Es steht doch alles im Artikel der Zeitung. Umfangreicher geht`s doch nun wirklich nicht mehr!!! Ein bisschen selbst raus finden was so läuft an einem Gewässser sollte doch persönlicher Anspruch sein. Der Schreiberling des Artikels hat es ja auch nicht anders gemacht. Erwartest du ausgetonnte Angelplätze nach Fischarten sortiert??
Buch die Hütte, pack die Angelsachen zusammen, setz dich in dein Auto, fahr rüber und angel einfach drauf los.  
abborre


----------



## Zanderlui (9. September 2008)

*AW: Urlaub Schweden-Rusken*

mensch was nette leute es gibt!#q#q:v
mal überlegen bevor man los schreibt oder morgens einfach im bett liegen bleiben.
ich möchte ja nicht nur an die erfahrungen des autors glauben denn das ist eine angelzeitschrift die etwas vermarkten will!da können die schlecht schreiben der see ist *******.
gehe davon aus das jemand ausm board schon mal da war und von seinen erfahrungen berichten kann.
außerdem kostet die reise auch eine stange geld-bin auszubildender-da soll es auch schon was ordentliches sein und kein reinfall werden-soviel zu dem fahr einfach hin!!!


----------



## angler1996 (9. September 2008)

*AW: Urlaub Schweden-Rusken*

Letztlich hat abborre recht, es hilft nur dort zu angeln.
Die Hechte, abborre und zander sind die selben Fische wie hier( du musst dich ja nicht mit ihnen unterhalten|wavey
Ich war nun schon mehrfach in Schweden ( nicht am Rusken)
Die Bedingungen waren jedesmal (selbst am gleiche See) total anders.Das Problem dieser Reisen liegt doch in den nicht planbaren Faktoren, wie Wetter. Dass kennst du doch von hier: Am Hotspot geht nichts, da kannste machen was willst du. Dieses Risiko bekommt man mit noch so viel Vorbereitung nicht weg( es sei denn, du kannst einfach losfahren, aber wer kann das.
 An Ködern brauchst du letztlich die üblich Verdächtigen, wie hier auch. ( Vielleicht ein Wobbler in Gold/Rot zusätzlich)
Im Netz lassen sich sicher zur Vorbereitung See und Tiefenkarten finden, die sind schon mal gut.
Gruß A.


----------



## abborre (10. September 2008)

*AW: Urlaub Schweden-Rusken*

Mir fällt echt nichts mehr ein #q!!!!
Es gibt auf einer Wasserfläche von etlichen tausend Hektar nichts planbares oder übertragbares, du als Müritzanlieger  (und evtl. auch Müritzangler) mußt das doch am besten wissen.

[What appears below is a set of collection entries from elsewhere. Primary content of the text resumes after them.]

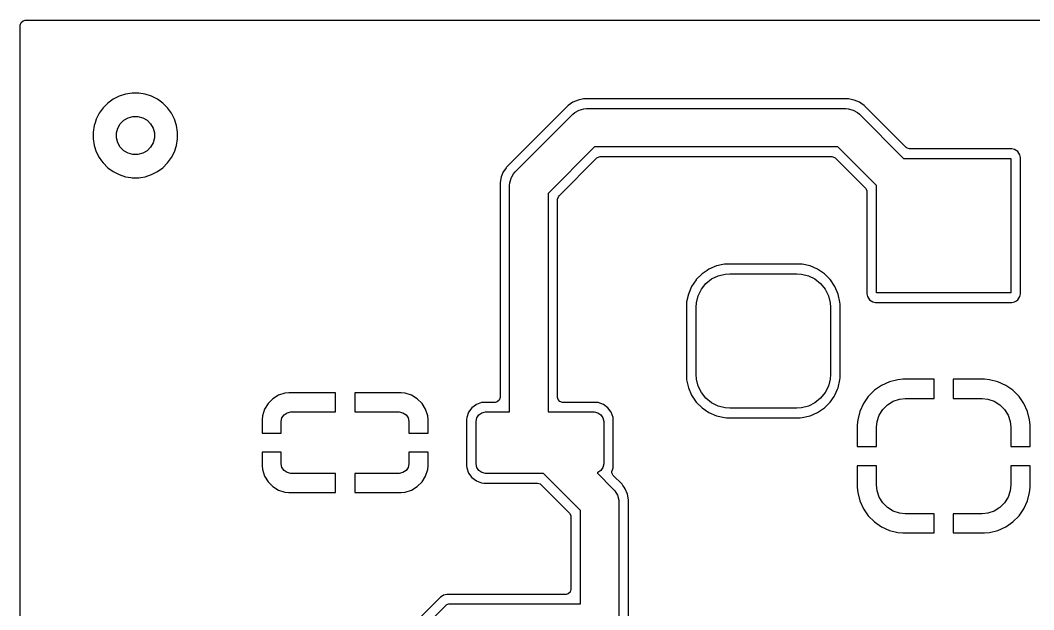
# Model space of a CAD drawing. Extents: x 0 to 90, y 0 to 55.
# Drawn here: x 0 to 26.4, y 39.65 to 55 of the extents above; entities that cross this region are included whole.
import ezdxf

# ---------------------------------------------------------------- set-up
doc = ezdxf.new("R2010")
doc.units = 0
doc.layers.add('BLACK', color=7, linetype='CONTINUOUS')

msp = doc.modelspace()

# ---------------------------------------------------------------- linework, layer by layer
at = {"layer": 'BLACK', "linetype": 'CONTINUOUS'}
for p, q in [((0.0005, 54.8755), (0.020185, 54.942539)), ((0.020185, 54.942539), (0.072989, 54.988294)), ((0.072989, 54.988294), (0.1245, 54.9995)), ((0.1245, 54.9995), (89.8755, 54.9995)), ((0.0005, 52.08661), (0.0005, 54.8755)), ((2.742299, 53.073402), (2.577555, 53.019873)), ((2.913389, 53.1005), (2.742299, 53.073402)), ((3.086611, 53.1005), (2.913389, 53.1005)), ((3.257701, 53.073402), (3.086611, 53.1005)), ((3.422445, 53.019873), (3.257701, 53.073402)), ((2.283072, 52.839414), (2.160586, 52.716928)), ((2.423212, 52.941232), (2.283072, 52.839414)), ((2.577555, 53.019873), (2.423212, 52.941232)), ((3.576788, 52.941232), (3.422445, 53.019873)), ((3.716928, 52.839414), (3.576788, 52.941232)), ((3.839414, 52.716928), (3.716928, 52.839414)), ((14.394498, 52.86508), (14.271584, 52.782951)), ((14.394511, 52.865087), (14.394498, 52.86508)), ((14.531082, 52.921656), (14.394511, 52.865087)), ((14.531087, 52.921658), (14.531082, 52.921656)), ((14.531092, 52.921659), (14.531087, 52.921658)), ((14.67608, 52.9505), (14.531092, 52.921659)), ((14.676082, 52.9505), (14.67608, 52.9505)), ((14.823917, 52.9505), (14.676082, 52.9505)), ((21.581418, 52.9505), (14.823917, 52.9505)), ((21.58142, 52.9505), (21.581418, 52.9505)), ((21.678962, 52.931096), (21.58142, 52.9505)), ((21.726413, 52.921658), (21.678962, 52.931096)), ((21.794704, 52.893371), (21.726413, 52.921658)), ((21.862991, 52.865086), (21.794704, 52.893371)), ((21.862992, 52.865085), (21.862991, 52.865086)), ((21.862995, 52.865084), (21.862992, 52.865085)), ((21.901413, 52.839414), (21.862995, 52.865084)), ((21.985916, 52.782952), (21.901413, 52.839414)), ((2.058768, 52.576788), (1.980127, 52.422445)), ((2.160586, 52.716928), (2.058768, 52.576788)), ((3.941232, 52.576788), (3.839414, 52.716928)), ((4.019873, 52.422445), (3.941232, 52.576788)), ((12.896447, 51.053553), (14.396446, 52.553553)), ((14.27158, 52.782948), (13.402021, 51.913389)), ((14.271584, 52.782951), (14.27158, 52.782948)), ((14.396446, 52.553553), (14.44561, 52.596668)), ((14.44561, 52.596668), (14.445619, 52.596677)), ((14.445619, 52.596677), (14.558658, 52.66194)), ((14.558658, 52.66194), (14.684737, 52.695723)), ((14.684737, 52.695723), (14.684752, 52.695723)), ((14.684752, 52.695723), (14.75, 52.7)), ((14.75, 52.7), (21.5075, 52.7)), ((21.5075, 52.7), (21.572748, 52.695723)), ((21.572748, 52.695723), (21.572763, 52.695723)), ((21.572763, 52.695723), (21.698842, 52.66194)), ((21.698842, 52.66194), (21.811881, 52.596677)), ((21.811881, 52.596677), (21.811896, 52.596661)), ((21.811896, 52.596661), (21.861053, 52.553553)), ((21.861053, 52.553553), (23.014606, 51.4)), ((21.98592, 52.782948), (21.985916, 52.782952)), ((21.985921, 52.782947), (21.98592, 52.782948)), ((23.082049, 51.686819), (21.985921, 52.782947)), ((1.948989, 52.326613), (1.926597, 52.257697)), ((1.980127, 52.422445), (1.948989, 52.326613)), ((2.53806, 52.191342), (2.603323, 52.304381)), ((2.603323, 52.304381), (2.695619, 52.396677)), ((2.695619, 52.396677), (2.808658, 52.46194)), ((2.808658, 52.46194), (2.934737, 52.495722)), ((2.934737, 52.495722), (3.065263, 52.495722)), ((3.065263, 52.495722), (3.191342, 52.46194)), ((3.191342, 52.46194), (3.304381, 52.396677)), ((3.304381, 52.396677), (3.396677, 52.304381)), ((3.396677, 52.304381), (3.46194, 52.191342)), ((4.073402, 52.257701), (4.019873, 52.422445)), ((0.0005, 44.599986), (0.0005, 52.08661)), ((1.926597, 52.257697), (1.8995, 52.08661)), ((1.8995, 52.08661), (1.8995, 51.913389)), ((2.504278, 52.065263), (2.53806, 52.191342)), ((2.504278, 51.934737), (2.504278, 52.065263)), ((3.46194, 52.191342), (3.495722, 52.065263)), ((3.495722, 52.065263), (3.495722, 51.934737)), ((4.1005, 52.086611), (4.073402, 52.257701)), ((4.1005, 51.913389), (4.1005, 52.086611)), ((1.8995, 51.913389), (1.926597, 51.742302)), ((2.53806, 51.808658), (2.504278, 51.934737)), ((2.603323, 51.695619), (2.53806, 51.808658)), ((3.46194, 51.808658), (3.396677, 51.695619)), ((3.495722, 51.934737), (3.46194, 51.808658)), ((4.073402, 51.742299), (4.1005, 51.913389)), ((13.402021, 51.913389), (12.667048, 51.178416)), ((1.926597, 51.742302), (1.980128, 51.577552)), ((1.980128, 51.577552), (2.058768, 51.423211)), ((2.695619, 51.603323), (2.603323, 51.695619)), ((2.808658, 51.53806), (2.695619, 51.603323)), ((2.934737, 51.504278), (2.808658, 51.53806)), ((3.065263, 51.504278), (2.934737, 51.504278)), ((3.191342, 51.53806), (3.065263, 51.504278)), ((3.304381, 51.603323), (3.191342, 51.53806)), ((3.396677, 51.695619), (3.304381, 51.603323)), ((3.941232, 51.423212), (4.019873, 51.577555)), ((4.019873, 51.577555), (4.073402, 51.742299)), ((14.957107, 51.7), (13.75, 50.492893)), ((21.300394, 51.7), (14.957107, 51.7)), ((22.3075, 50.692893), (21.300394, 51.7)), ((23.102691, 51.670185), (23.082049, 51.686819)), ((23.16973, 51.6505), (23.102691, 51.670185)), ((25.832174, 51.6505), (23.16973, 51.6505)), ((25.832177, 51.6505), (25.832174, 51.6505)), ((25.905235, 51.635967), (25.832177, 51.6505)), ((25.90524, 51.635966), (25.905235, 51.635967)), ((25.988101, 51.580601), (25.90524, 51.635966)), ((26.043466, 51.49774), (25.988101, 51.580601)), ((26.043466, 51.497739), (26.043466, 51.49774)), ((26.043467, 51.497735), (26.043466, 51.497739)), ((26.057999, 51.424678), (26.043467, 51.497735)), ((2.058768, 51.423211), (2.116859, 51.343256)), ((2.116859, 51.343256), (2.160586, 51.283072)), ((2.160586, 51.283072), (2.160588, 51.28307)), ((2.160588, 51.28307), (2.160588, 51.283069)), ((2.160588, 51.283069), (2.283069, 51.160588)), ((3.716928, 51.160586), (3.839414, 51.283072)), ((3.839414, 51.283072), (3.941232, 51.423212)), ((14.036819, 50.425451), (15.024548, 51.413181)), ((15.024548, 51.413181), (15.085871, 51.446666)), ((15.085871, 51.446666), (15.112229, 51.4495)), ((15.112229, 51.4495), (21.14527, 51.4495)), ((21.14527, 51.4495), (21.212309, 51.429815)), ((21.212309, 51.429815), (21.232951, 51.413181)), ((21.232951, 51.413181), (22.020681, 50.625451)), ((23.014606, 51.4), (25.8075, 51.4)), ((25.8075, 51.4), (25.8075, 47.9)), ((26.058, 51.424676), (26.057999, 51.424678)), ((26.058, 47.875323), (26.058, 51.424676)), ((2.283069, 51.160588), (2.423211, 51.058768)), ((2.423211, 51.058768), (2.577552, 50.980128)), ((2.577552, 50.980128), (2.742302, 50.926597)), ((3.257701, 50.926598), (3.422445, 50.980127)), ((3.422445, 50.980127), (3.576788, 51.058768)), ((3.576788, 51.058768), (3.716928, 51.160586)), ((12.584914, 51.055492), (12.528343, 50.918917)), ((12.587103, 51.058768), (12.584914, 51.055492)), ((12.655135, 51.160586), (12.587103, 51.058768)), ((12.667048, 51.178416), (12.655135, 51.160586)), ((12.803975, 50.918907), (12.853323, 51.004381)), ((12.853323, 51.004381), (12.853338, 51.004396)), ((12.853338, 51.004396), (12.896447, 51.053553)), ((2.742302, 50.926597), (2.742301, 50.926597)), ((2.742301, 50.926597), (2.881192, 50.904599)), ((2.881192, 50.904599), (2.913389, 50.8995)), ((2.913389, 50.8995), (2.91339, 50.8995)), ((2.91339, 50.8995), (3.08661, 50.8995)), ((3.08661, 50.8995), (3.086611, 50.8995)), ((3.086611, 50.8995), (3.138239, 50.907677)), ((3.138239, 50.907677), (3.257697, 50.926597)), ((3.257697, 50.926597), (3.257699, 50.926597)), ((3.257699, 50.926597), (3.257701, 50.926598)), ((12.52834, 50.918907), (12.4995, 50.77392)), ((12.4995, 50.77392), (12.4995, 45.174499)), ((12.528343, 50.918917), (12.52834, 50.918907)), ((12.75, 50.7), (12.754277, 50.765247)), ((12.75, 44.8), (12.75, 50.7)), ((12.754277, 50.765263), (12.78806, 50.891342)), ((12.754277, 50.765247), (12.754277, 50.765263)), ((12.78806, 50.891342), (12.803975, 50.918907)), ((13.75, 50.492893), (13.75, 44.8)), ((22.020681, 50.625451), (22.054166, 50.564128)), ((22.054166, 50.564128), (22.057, 50.53777)), ((22.057, 50.53777), (22.057, 47.875321)), ((22.3075, 47.9), (22.3075, 50.692893)), ((14.0005, 50.33777), (14.020185, 50.404809)), ((14.0005, 47.610948), (14.0005, 50.33777)), ((14.020185, 50.404809), (14.036819, 50.425451)), ((18.138241, 48.601934), (17.940652, 48.517321)), ((18.348274, 48.647624), (18.138241, 48.601934)), ((18.396552, 48.6505), (18.348274, 48.647624)), ((20.318448, 48.6505), (18.396552, 48.6505)), ((20.366726, 48.647624), (20.318448, 48.6505)), ((20.576759, 48.601934), (20.366726, 48.647624)), ((20.774348, 48.517321), (20.576759, 48.601934)), ((17.762642, 48.39684), (17.610659, 48.244857)), ((17.762651, 48.396848), (17.762642, 48.39684)), ((17.89196, 48.484365), (17.762651, 48.396848)), ((17.940652, 48.517321), (17.89196, 48.484365)), ((18.011253, 48.262259), (18.180759, 48.346327)), ((18.180759, 48.346327), (18.364375, 48.39199)), ((18.364375, 48.39199), (18.4825, 48.4)), ((18.4825, 48.4), (20.2325, 48.4)), ((20.2325, 48.4), (20.350625, 48.39199)), ((20.350625, 48.39199), (20.534241, 48.346327)), ((20.534241, 48.346327), (20.703747, 48.262259)), ((20.952355, 48.396843), (20.774348, 48.517321)), ((21.104343, 48.244855), (20.952355, 48.396843)), ((17.490177, 48.066845), (17.405567, 47.869261)), ((17.610651, 48.244848), (17.490177, 48.066845)), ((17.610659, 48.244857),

Wie Angler 1996 schreibt bleibt, bei aller Planung und perfekter Vorbereitung immer das Risiko, das etwas oder auch alles bei so `nem Trip in die Hose geht. Cèst la vie - so ist Leben!!
Denk doch nicht so viel darüber nach, was alles in die Hose gehen könnte, sondern denk lieber dran, was du gutes aus so einer Tour ziehen kannst. 

Ich fahre auf jeden Fall Ende des Monats wieder rauf nach Östergötaland; *******gal wie das Wetter ist, egal was ich fange, die Woche laß ich mir nicht vermiesen.


----------



## Zanderlui (10. September 2008)

*AW: Urlaub Schweden-Rusken*

@abborre

ich glaube du verstehst es nicht.....
ich will ja auch nichts genau planen oder hundert prozentig vornereiten aber ich hätte gerne mal von ein paar leuten gehört wie deren erfahrungen waren am rusken mehr nicht!!!und welche köder vielleicht bei ihnen liefen und  ob sie vielleicht eine unterkunft empfehlen können nicht weiter!!!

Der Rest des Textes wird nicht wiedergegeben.